### Records supplied
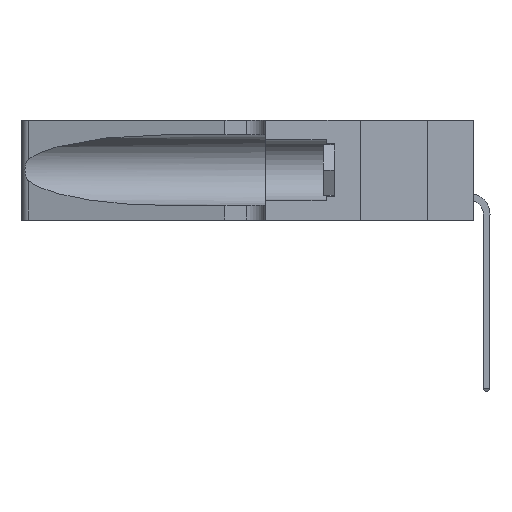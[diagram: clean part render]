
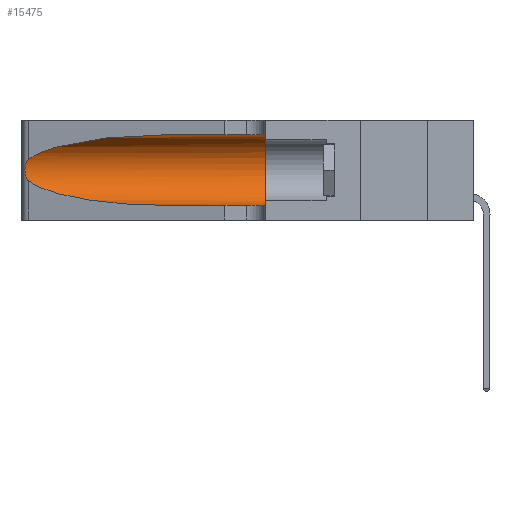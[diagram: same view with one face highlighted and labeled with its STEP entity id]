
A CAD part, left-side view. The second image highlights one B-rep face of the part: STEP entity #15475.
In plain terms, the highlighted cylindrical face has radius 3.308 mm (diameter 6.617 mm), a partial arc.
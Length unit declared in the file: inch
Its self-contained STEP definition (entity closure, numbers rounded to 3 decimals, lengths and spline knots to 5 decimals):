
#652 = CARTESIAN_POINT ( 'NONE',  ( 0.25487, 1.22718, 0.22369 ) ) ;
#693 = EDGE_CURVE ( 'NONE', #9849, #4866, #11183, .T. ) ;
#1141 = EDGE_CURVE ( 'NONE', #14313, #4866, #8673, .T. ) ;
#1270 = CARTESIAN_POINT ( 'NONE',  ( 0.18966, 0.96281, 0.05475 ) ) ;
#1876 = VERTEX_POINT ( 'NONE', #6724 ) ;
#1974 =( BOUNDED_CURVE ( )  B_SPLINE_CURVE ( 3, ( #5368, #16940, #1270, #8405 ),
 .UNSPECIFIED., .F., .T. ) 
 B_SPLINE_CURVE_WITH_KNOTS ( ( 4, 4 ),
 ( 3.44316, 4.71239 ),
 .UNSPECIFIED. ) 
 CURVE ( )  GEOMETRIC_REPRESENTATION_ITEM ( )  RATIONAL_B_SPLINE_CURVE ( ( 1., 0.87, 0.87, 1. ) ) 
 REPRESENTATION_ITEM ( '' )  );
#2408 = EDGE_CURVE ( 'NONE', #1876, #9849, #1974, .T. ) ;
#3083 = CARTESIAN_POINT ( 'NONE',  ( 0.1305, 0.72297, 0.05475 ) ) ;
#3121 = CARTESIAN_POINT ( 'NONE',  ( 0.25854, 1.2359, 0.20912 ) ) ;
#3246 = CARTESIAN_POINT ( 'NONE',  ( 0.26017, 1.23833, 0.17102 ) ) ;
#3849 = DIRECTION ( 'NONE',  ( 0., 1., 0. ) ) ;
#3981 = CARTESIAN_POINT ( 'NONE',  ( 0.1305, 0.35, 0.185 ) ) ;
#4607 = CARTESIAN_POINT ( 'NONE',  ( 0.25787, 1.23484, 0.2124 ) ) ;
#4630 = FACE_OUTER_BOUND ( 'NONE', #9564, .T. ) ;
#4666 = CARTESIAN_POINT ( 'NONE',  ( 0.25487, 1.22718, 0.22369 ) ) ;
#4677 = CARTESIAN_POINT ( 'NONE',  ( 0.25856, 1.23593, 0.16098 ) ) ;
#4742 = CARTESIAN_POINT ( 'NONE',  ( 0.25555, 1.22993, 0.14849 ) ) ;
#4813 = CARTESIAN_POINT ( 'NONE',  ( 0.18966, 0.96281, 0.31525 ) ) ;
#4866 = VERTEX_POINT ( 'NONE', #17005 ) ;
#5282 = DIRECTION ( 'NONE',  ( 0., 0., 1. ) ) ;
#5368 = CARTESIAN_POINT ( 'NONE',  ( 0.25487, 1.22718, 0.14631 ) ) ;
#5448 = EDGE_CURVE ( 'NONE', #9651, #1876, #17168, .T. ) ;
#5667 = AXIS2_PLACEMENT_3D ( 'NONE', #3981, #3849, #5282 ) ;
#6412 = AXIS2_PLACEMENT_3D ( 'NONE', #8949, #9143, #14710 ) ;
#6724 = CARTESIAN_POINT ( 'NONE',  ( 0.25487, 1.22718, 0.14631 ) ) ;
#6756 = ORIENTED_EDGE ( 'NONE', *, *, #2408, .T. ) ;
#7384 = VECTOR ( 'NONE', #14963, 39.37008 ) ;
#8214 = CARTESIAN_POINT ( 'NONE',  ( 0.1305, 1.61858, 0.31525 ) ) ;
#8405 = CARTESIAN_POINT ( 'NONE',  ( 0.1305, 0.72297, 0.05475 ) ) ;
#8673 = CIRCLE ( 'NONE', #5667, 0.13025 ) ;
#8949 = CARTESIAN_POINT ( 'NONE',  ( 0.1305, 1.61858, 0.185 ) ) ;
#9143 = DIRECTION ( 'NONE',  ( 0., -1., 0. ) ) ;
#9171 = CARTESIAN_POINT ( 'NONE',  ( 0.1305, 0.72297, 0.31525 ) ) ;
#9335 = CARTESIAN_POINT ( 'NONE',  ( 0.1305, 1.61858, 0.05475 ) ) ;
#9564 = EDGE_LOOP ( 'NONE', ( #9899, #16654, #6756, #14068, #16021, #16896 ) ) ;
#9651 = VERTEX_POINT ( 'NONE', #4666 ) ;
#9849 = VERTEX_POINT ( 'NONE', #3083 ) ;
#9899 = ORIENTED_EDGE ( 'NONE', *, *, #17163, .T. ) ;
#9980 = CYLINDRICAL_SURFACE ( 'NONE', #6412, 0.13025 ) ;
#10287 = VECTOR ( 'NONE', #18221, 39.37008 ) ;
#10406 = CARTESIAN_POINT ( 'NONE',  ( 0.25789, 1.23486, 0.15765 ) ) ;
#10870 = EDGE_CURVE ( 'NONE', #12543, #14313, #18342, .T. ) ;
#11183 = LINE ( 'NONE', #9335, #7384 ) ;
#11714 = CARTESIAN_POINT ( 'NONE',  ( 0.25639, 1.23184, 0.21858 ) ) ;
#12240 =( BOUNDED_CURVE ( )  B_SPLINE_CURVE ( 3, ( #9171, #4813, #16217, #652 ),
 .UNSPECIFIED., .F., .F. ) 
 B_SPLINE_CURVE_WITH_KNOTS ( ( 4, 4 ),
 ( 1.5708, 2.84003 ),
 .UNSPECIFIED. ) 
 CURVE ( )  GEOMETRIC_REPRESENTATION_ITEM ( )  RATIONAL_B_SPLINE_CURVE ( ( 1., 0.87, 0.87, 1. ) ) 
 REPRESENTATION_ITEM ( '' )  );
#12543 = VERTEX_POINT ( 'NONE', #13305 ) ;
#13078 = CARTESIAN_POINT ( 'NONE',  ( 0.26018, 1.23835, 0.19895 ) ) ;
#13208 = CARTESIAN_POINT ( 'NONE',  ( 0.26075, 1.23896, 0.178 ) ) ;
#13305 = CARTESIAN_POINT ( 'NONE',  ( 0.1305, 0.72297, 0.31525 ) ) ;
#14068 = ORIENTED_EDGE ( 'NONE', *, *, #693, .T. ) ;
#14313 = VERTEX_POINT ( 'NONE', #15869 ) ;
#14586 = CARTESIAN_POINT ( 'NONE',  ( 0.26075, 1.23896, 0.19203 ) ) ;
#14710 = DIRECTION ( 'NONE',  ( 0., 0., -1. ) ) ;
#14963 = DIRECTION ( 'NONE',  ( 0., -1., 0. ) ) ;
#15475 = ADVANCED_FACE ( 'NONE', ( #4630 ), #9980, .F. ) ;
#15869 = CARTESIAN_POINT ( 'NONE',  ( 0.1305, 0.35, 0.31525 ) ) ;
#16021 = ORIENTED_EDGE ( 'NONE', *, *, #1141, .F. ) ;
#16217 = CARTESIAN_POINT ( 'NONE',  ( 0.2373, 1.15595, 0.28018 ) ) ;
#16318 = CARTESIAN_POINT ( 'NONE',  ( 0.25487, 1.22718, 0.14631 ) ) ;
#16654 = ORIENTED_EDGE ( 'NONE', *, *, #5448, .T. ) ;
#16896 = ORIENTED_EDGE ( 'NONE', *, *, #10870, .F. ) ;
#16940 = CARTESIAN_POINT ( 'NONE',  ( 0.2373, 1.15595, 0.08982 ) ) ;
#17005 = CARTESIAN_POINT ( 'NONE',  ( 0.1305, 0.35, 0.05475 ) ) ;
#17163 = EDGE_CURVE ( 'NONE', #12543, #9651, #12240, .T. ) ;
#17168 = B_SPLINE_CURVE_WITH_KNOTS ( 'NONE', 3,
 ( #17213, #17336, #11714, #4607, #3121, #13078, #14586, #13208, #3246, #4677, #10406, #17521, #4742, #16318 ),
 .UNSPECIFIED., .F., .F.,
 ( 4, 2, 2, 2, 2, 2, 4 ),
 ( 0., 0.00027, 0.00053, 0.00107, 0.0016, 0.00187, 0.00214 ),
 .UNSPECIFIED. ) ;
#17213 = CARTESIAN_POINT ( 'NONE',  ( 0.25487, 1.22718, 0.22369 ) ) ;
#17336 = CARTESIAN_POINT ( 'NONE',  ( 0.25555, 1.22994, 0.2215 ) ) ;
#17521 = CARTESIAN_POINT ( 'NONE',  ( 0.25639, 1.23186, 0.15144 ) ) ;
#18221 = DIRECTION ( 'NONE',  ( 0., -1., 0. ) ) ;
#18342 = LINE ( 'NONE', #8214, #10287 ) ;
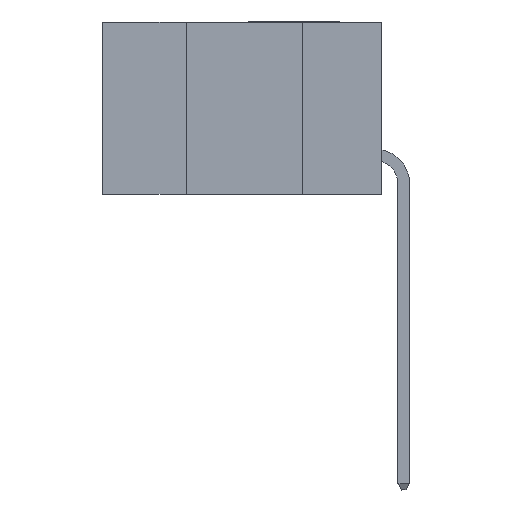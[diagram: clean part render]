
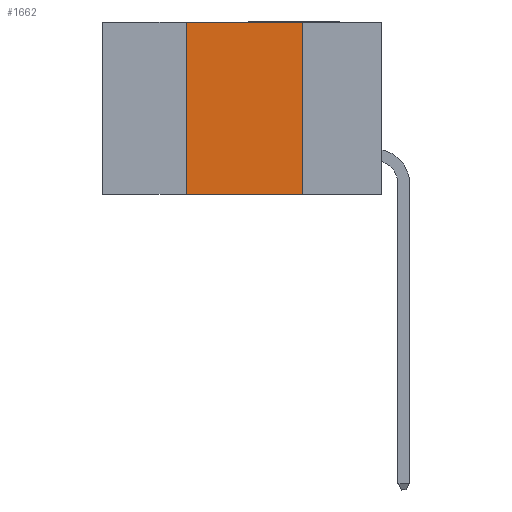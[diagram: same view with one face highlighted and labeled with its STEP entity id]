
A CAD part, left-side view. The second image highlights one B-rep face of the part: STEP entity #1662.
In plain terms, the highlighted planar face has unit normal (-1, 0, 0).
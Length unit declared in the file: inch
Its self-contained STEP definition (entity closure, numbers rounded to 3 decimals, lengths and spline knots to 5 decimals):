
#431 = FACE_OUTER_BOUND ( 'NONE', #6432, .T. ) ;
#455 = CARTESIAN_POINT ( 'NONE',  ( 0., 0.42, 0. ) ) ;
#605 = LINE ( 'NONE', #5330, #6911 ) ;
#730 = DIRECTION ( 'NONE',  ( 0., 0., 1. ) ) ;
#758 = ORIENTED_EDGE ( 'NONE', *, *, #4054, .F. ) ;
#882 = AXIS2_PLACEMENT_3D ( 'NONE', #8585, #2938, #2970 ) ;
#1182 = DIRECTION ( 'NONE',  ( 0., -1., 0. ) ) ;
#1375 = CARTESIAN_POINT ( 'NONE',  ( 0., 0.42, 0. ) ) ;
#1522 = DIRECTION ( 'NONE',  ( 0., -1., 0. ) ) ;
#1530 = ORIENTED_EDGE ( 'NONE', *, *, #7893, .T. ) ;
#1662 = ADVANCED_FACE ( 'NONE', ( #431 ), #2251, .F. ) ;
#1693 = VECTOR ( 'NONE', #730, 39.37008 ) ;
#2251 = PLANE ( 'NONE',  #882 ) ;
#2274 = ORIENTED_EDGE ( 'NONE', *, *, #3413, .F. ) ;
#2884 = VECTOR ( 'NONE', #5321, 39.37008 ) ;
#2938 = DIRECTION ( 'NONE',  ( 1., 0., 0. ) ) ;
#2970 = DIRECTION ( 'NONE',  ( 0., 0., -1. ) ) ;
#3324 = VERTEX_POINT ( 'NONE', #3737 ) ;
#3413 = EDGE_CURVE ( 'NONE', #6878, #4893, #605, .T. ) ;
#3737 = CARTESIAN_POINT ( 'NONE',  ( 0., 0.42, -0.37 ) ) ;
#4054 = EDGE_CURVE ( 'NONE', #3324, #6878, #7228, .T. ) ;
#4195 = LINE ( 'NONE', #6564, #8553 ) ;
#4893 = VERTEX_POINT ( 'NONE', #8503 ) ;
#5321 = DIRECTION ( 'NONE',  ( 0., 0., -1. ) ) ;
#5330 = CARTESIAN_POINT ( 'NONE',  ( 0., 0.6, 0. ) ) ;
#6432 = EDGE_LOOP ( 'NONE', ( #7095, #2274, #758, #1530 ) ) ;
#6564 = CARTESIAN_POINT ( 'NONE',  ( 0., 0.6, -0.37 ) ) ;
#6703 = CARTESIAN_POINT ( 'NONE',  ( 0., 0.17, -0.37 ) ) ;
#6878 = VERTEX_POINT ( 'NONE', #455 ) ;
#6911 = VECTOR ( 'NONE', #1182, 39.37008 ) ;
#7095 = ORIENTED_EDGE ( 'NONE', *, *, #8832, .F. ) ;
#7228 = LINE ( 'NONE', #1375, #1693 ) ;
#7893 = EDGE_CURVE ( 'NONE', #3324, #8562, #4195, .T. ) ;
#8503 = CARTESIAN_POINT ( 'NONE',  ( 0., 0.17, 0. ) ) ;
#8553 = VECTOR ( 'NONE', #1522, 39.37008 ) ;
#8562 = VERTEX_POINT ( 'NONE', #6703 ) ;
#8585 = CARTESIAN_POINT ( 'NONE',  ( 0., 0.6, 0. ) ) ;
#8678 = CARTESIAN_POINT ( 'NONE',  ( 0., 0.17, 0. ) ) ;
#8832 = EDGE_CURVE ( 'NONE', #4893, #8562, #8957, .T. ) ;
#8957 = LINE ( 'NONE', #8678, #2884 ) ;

### Work task
Reproduce only the lines running from the beginning of the entries above to the line holding "#1974 =( BOUNDED_CURVE", inclusive. Pictures stay out of the copy.

### Exercise result
[diagram: clean part render]
[diagram: same view with one face highlighted and labeled with its STEP entity id]
A CAD part, left-side view. The second image highlights one B-rep face of the part: STEP entity #15475.
In plain terms, the highlighted cylindrical face has radius 3.308 mm (diameter 6.617 mm), a partial arc.
Length unit declared in the file: inch
Its self-contained STEP definition (entity closure, numbers rounded to 3 decimals, lengths and spline knots to 5 decimals):
#652 = CARTESIAN_POINT ( 'NONE',  ( 0.25487, 1.22718, 0.22369 ) ) ;
#693 = EDGE_CURVE ( 'NONE', #9849, #4866, #11183, .T. ) ;
#1141 = EDGE_CURVE ( 'NONE', #14313, #4866, #8673, .T. ) ;
#1270 = CARTESIAN_POINT ( 'NONE',  ( 0.18966, 0.96281, 0.05475 ) ) ;
#1876 = VERTEX_POINT ( 'NONE', #6724 ) ;
#1974 =( BOUNDED_CURVE ( )  B_SPLINE_CURVE ( 3, ( #5368, #16940, #1270, #8405 ),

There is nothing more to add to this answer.